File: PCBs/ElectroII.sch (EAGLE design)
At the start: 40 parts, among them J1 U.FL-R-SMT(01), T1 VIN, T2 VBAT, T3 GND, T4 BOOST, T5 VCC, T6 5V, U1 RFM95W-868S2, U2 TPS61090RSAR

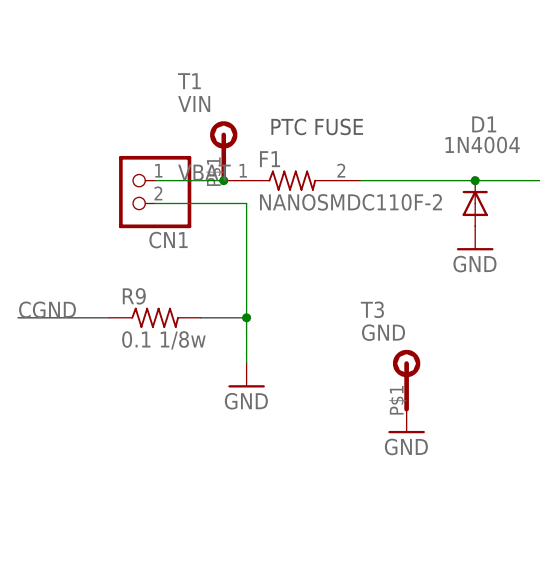
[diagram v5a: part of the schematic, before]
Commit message: Reviewed traces and fixed joints
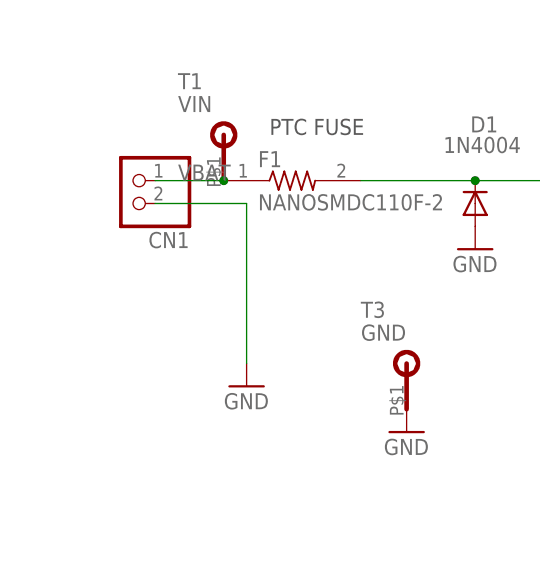
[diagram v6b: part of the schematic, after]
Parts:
- removed R9: 0.1 1/8w, RTR Main Library:R-ALL_PACKAGESR1206
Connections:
- removed net CGND: R9.1
- net GND: no longer R9.2
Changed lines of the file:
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@@
 <part name="P+9" library="RTR Main Library" deviceset="VCC" device=""/>
 <part name="P+10" library="RTR Main Library" deviceset="VCC" device=""/>
-<part name="R9" library="RTR Main Library" deviceset="R-ALL_PACKAGES" device="R1206" value="0.1 1/8w"/>
 <part name="D2" library="adafruit" library_urn="urn:adsk.eagle:library:420" deviceset="1N4004" device="" package3d_urn="urn:adsk.eagle:package:6240344/1"/>
 </parts>
@@
 <attribute name="VALUE" x="307.34" y="-53.34" size="1.778" layer="96" rot="R90"/>
 </instance>
-<instance part="R9" gate="G$1" x="27.94" y="-88.9" smashed="yes">
-<attribute name="NAME" x="24.13" y="-87.4014" size="1.778" layer="95"/>
-<attribute name="VALUE" x="24.13" y="-92.202" size="1.778" layer="96"/>
-</instance>
 <instance part="D2" gate="1" x="213.36" y="-73.66" smashed="yes">
 <attribute name="NAME" x="215.9" y="-73.1774" size="1.778" layer="95"/>
@@
 <wire x1="27.94" y1="-76.2" x2="38.1" y2="-76.2" width="0.1524" layer="91"/>
 <pinref part="GND25" gate="1" pin="GND"/>
-<wire x1="38.1" y1="-76.2" x2="38.1" y2="-88.9" width="0.1524" layer="91"/>
-<pinref part="R9" gate="G$1" pin="2"/>
-<wire x1="38.1" y1="-88.9" x2="38.1" y2="-93.98" width="0.1524" layer="91"/>
-<wire x1="33.02" y1="-88.9" x2="38.1" y2="-88.9" width="0.1524" layer="91"/>
-<junction x="38.1" y="-88.9"/>
+<wire x1="38.1" y1="-76.2" x2="38.1" y2="-93.98" width="0.1524" layer="91"/>
 </segment>
 <segment>
@@
 </segment>
 </net>
-<net name="CGND" class="0">
-<segment>
-<pinref part="R9" gate="G$1" pin="1"/>
-<wire x1="22.86" y1="-88.9" x2="12.7" y2="-88.9" width="0.1524" layer="91"/>
-<label x="12.7" y="-88.9" size="1.778" layer="95"/>
-</segment>
-</net>

══════

Exercise prompt
Count the lines above that contain the word "width", and reply with only that number.

Your solution
6